For coding: Claude Opus 4.8 (daily development) or Fable 5 (large projects, if available). GPT-5.5 as backup.
For business owners: GPT-5.5. Most stable, fewest surprises, best API docs, most integration options. If budget-sensitive, Gemini 3.5 Flash.
For multimedia: Gemini 3.5 Flash. Images, video, audio — all in one, and cheap.
On a tight budget: Gemini 3.5 Flash, no contest. Same budget, 10x the tokens.
One-Line Selection Guide
Budget isn't an issue → Claude Opus 4.8; value-first → Gemini 3.5 Flash; don't want to think about it → GPT-5.5.

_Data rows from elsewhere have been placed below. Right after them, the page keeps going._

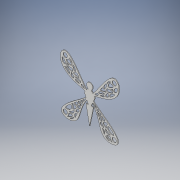
# Autodesk Inventor part: Dragonfly_PCB
Saved by Autodesk Inventor 2019 (Build 230136000, 136)
## iProperties
Created: 2019-03-17
Part Number: Dragonfly_PCB
Material: Generic
Document SubType Name: Modeling
Designer: cutla
Density: 1 g/cm^3
Appearance: Default
Author: cutla
Autodesk Inventor part; units mm, degrees
ref_plane "YZ Plane" through (0, 0, 0) normal (1, 0, 0) x (0, 1, 0)
ref_plane "XZ Plane" through (0, 0, 0) normal (0, 1, 0) x (-1, 0, 0)
ref_plane "XY Plane" through (0, 0, 0) normal (0, 0, 1) x (1, 0, 0)
sketch "Sketch1" plane through (0, 0, 0) normal (0, 0, 1) x (1, 0, 0)
  circle A0 centre (0, 16.1725) radius 5
  line L0 (-50, 50) -> (50, 50) construction
  line L1 (50, 50) -> (50, -50) construction
  line L2 (50, -50) -> (-50, -50) construction
  line L3 (-50, -50) -> (-50, 50) construction
  line L4 (-3.4999, 10.6039) -> (-2.6514, 10.6039)
  line L5 (0, 50) -> (0, -50) construction
  line L6 (-3.5, 10.6039) -> (-8.6386, 3.3725)
  line L7 (-8.6386, 3.3725) -> (-2.5, -10.2779)
  line L8 (2.2173, -10.2779) -> (2.4999, -10.2779)
  line L9 (-6, -11.0793) -> (-0.1613, -40.5057)
  line L10 (-0.1613, -40.5057) -> (6, -11.0793)
  circle A1 centre (-40, 40) radius 23 construction
  circle A2 centre (-40, 40) radius 3.5
  circle A3 centre (-40, 40) radius 6.5 construction
  circle A4 centre (40, 40) radius 23 construction
  circle A5 centre (40, 40) radius 3.5
  circle A6 centre (40, 40) radius 6.5 construction
  line L11 (-50, 0) -> (50, 0) construction
  circle A7 centre (-40, -40) radius 23 construction
  circle A8 centre (-40, -40) radius 3.5
  circle A9 centre (-40, -40) radius 6.5 construction
  circle A10 centre (40, -40) radius 23 construction
  circle A11 centre (40, -40) radius 6.5 construction
  circle A12 centre (40, -40) radius 3.5
  line L12 (-40, 40) -> (40, -40) construction
  line L13 (40, 40) -> (-40, -40) construction
  spline S0 degree 4 poles (-7.4222, 5.0843) (-12.8668, 9.132) (-70.5582, 8.2428) (-44.5421, 80.9884) (-22.7349, 29.3004) (-5.2813, 8.0972) knots 0 0 0 0 0 0.479158 1 1 1 1 1
  spline S1 degree 4 poles (-6, -2.495) (-20.1858, -15.9699) (-90.0237, -50.8952) (-1.0731, -60.254) (-21.894, -29.1199) (-4.4831, -5.8681) knots 0 0 0 0 0 0.512159 1 1 1 1 1
  line L14 (3.5, 10.6039) -> (8.6386, 3.3726)
  line L15 (8.6386, 3.3725) -> (2.5, -10.2779)
  spline S2 degree 4 poles (7.4222, 5.0843) (12.8668, 9.132) (70.5582, 8.2428) (44.5421, 80.9884) (22.7349, 29.3004) (5.2813, 8.0972) knots 0 0 0 0 0 0.479158 1 1 1 1 1
  spline S3 degree 4 poles (6, -2.495) (20.1858, -15.9699) (90.0237, -50.8952) (1.0731, -60.254) (21.894, -29.1199) (4.4831, -5.8681) knots 0 0 0 0 0 0.512159 1 1 1 1 1
  line L16 (-2.1572, -10.5653) -> (-3.3324, -11.0793)
  line L17 (2.1572, -10.5653) -> (3.3324, -11.0793)
  line L18 (-3.0807, 12.2343) -> (-2.6513, 10.6041)
  line L19 (3.0807, 12.2343) -> (2.6513, 10.6041)
  arc A13 (-3.4999, 10.6039) -> (-3.5, 10.6039) centre (-3.4999, 10.6038) ccw
  arc A14 (-2.6514, 10.6039) -> (-2.6513, 10.6041) centre (-2.6514, 10.604) ccw
  line L20 (2.6514, 10.6039) -> (3.4999, 10.6039)
  arc A15 (2.6513, 10.6041) -> (2.6514, 10.6039) centre (2.6514, 10.604) ccw
  arc A16 (3.5, 10.6039) -> (3.4999, 10.6039) centre (3.4999, 10.6038) ccw
  arc A17 (8.6386, 3.3725) -> (8.6386, 3.3726) centre (8.6385, 3.3725) ccw
  arc A18 (1.5005, -10.2779) -> (1.5004, -10.2781) centre (1.5005, -10.278) ccw
  line L21 (-2.5, -10.2779) -> (-2.2173, -10.2779)
  line L22 (-6, -11.0793) -> (-3.3324, -11.0793)
  line L23 (3.3324, -11.0793) -> (6, -11.0793)
  arc A19 (-3.3324, -11.0793) -> (-3.3324, -11.0793) centre (-3.3324, -11.0792) ccw
  arc A20 (-1.5004, -10.2781) -> (-1.5005, -10.2779) centre (-1.5005, -10.278) ccw
  arc A21 (1.5005, -10.2779) -> (1.5004, -10.2781) centre (1.5005, -10.278) ccw
  arc A22 (2.4999, -10.2779) -> (2.5, -10.2779) centre (2.4999, -10.2778) ccw
  arc A23 (3.3324, -11.0793) -> (3.3324, -11.0793) centre (3.3324, -11.0792) ccw
  line L24 (-3.0807, 12.2343) -> (3.0807, 12.2343)
  arc A24 (-2.1572, -10.5653) -> (-2.2173, -10.2779) centre (-2.2173, -10.4279) ccw
  arc A25 (2.2173, -10.2779) -> (2.1572, -10.5653) centre (2.2173, -10.4279) ccw
  point P0 (0, 0)
  point P1 (-3.5, 10.6039)
  point P2 (3.5, 10.6039)
  point P3 (2.5, -10.2779)
  point P4 (-3.5, 10.6039)
  point P5 (0, 25.4731)
  point P6 (0, 0)
  point P7 (0, 2.9442)
  point P8 (-47.4996, 31.0772)
  point P9 (-44.5962, 44.5962)
  point P10 (-36.5, 45.4772)
  point P11 (-30.415, 12.5972)
  point P12 (-44.5962, -35.4038)
  point P13 (-44.5962, -44.5962)
  point P14 (-32.1189, -47.8681)
  point P15 (-20.478, -41.302)
  point P16 (3.5, 10.6039)
  point P17 (8.6386, 3.3725)
  point P18 (47.4996, 31.0772)
  point P19 (44.5962, 44.5962)
  point P20 (36.5, 45.4772)
  point P21 (30.415, 12.5972)
  point P22 (44.5962, -35.4038)
  point P23 (44.5962, -44.5962)
  point P24 (32.1189, -47.8681)
  point P25 (20.478, -41.302)
  point P26 (0, -11.0793)
  point P27 (0, 0)
  point P28 (-1.5, -10.2779)
  point P29 (-3.3324, -11.0793)
  point P30 (1.5, -10.2779)
  point P31 (-2.6512, 10.6039)
  point P32 (2.6512, 10.6039)
  point P33 (3.3324, -11.0793)
  dimension "d0" = 10
  dimension "d1" = 100
  dimension "d2" = 100
  dimension "d3" = 7
  dimension "d5" = 12
  dimension "d6" = 30
  dimension "d7" = 5
  dimension "d8" = 46
  dimension "d9" = 40
  dimension "d10" = 40
  dimension "d11" = 7
  dimension "d12" = 3
  dimension "d13" = 2
  dimension "d14" = 0.0001
  dimension "d15" = 0.0001
  dimension "d16" = 0.0001
  dimension "d24" = 0.15
  constraints: 50 end point, 38 point on line, 30 point on circle, 26 tangent, 25 centre point, 24 symmetric about line, 9 equal radius, 8 horizontal, 6 midpoint, 4 coincident, 4 vertical alignment, 2 parallel, 2 perpendicular, 1 horizontal alignment, 36 other
  measures "d1" distance of L1.end L2.end
  measures "d2" distance of L0.end L1.end
  measures "d3" distance of point (-3.5, 10.604) point (3.5, 10.604)
  measures "d5" distance of L9.start L10.end
  measures "d6" distance of L9.start L9.end
  measures "d7" distance of L7.end point (2.5, -10.278)
  measures "d8" diameter of A1
  measures "d9" distance from line of L5 A1.centre
  measures "d10" horizontal distance of point (0, 0) A1.centre
  measures "d11" diameter of A2
  measures "d12" radial gap between concentric circles of A2 A3
  measures "d13" distance of point (-1.5, -10.278) point (-3.332, -11.079)
  measures "d14" radius of A13
  measures "d15" radius of A15
  measures "d16" radius of A19
  measures "d24" radius of A24
extrude "Extrusion2" add sketch "Sketch1" along normal blind 1 contours A0 L24 | A23 | A19 | A13 | L24 A0 | A0 L19 L20 L14 L15 L8 A25 L17 L23 L10 L9 L22 L16 A24 L21 L7 L6 L4 L18 | L6 S0 | S2 L14 | L7 S1 | S3 L15 | A18 | A20
sketch "Sketch2" plane through (0, 0, 1) normal (0, 0, 1) x (1, 0, 0)
  circle A0 centre (40, 40) radius 3.5 projected
  circle A1 centre (40, -40) radius 3.5 projected
  circle A2 centre (-40, -40) radius 3.5 projected
  circle A3 centre (-40, 40) radius 3.5 projected
  line L0 (-3.0807, 12.2343) -> (-2.6513, 10.6041) projected
  arc A4 (-2.6514, 10.6039) -> (-2.6513, 10.6041) centre (-2.6514, 10.604) ccw projected
  line L1 (-2.6514, 10.6039) -> (-3.4999, 10.6039) projected
  arc A5 (-3.4999, 10.6039) -> (-3.5, 10.6039) centre (-3.4999, 10.6038) ccw projected
  line L2 (-3.5, 10.6039) -> (-5.2813, 8.0972) projected
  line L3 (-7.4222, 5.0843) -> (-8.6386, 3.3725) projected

One last note: this comparison gets updated monthly. The LLM space moves so fast that June's rankings might not hold in July — especially if GPT-5.6 drops, Fable 5 becomes available again, or Gemini 3.5 Pro lands. The landscape will reshuffle.
My advice: don't bet everything on one model. Use all three, switch by scenario. API prices are now low enough that subscribing to all three won't hurt. The real cost isn't the tool subscription — it's the time you spend agonizing over which one to choose.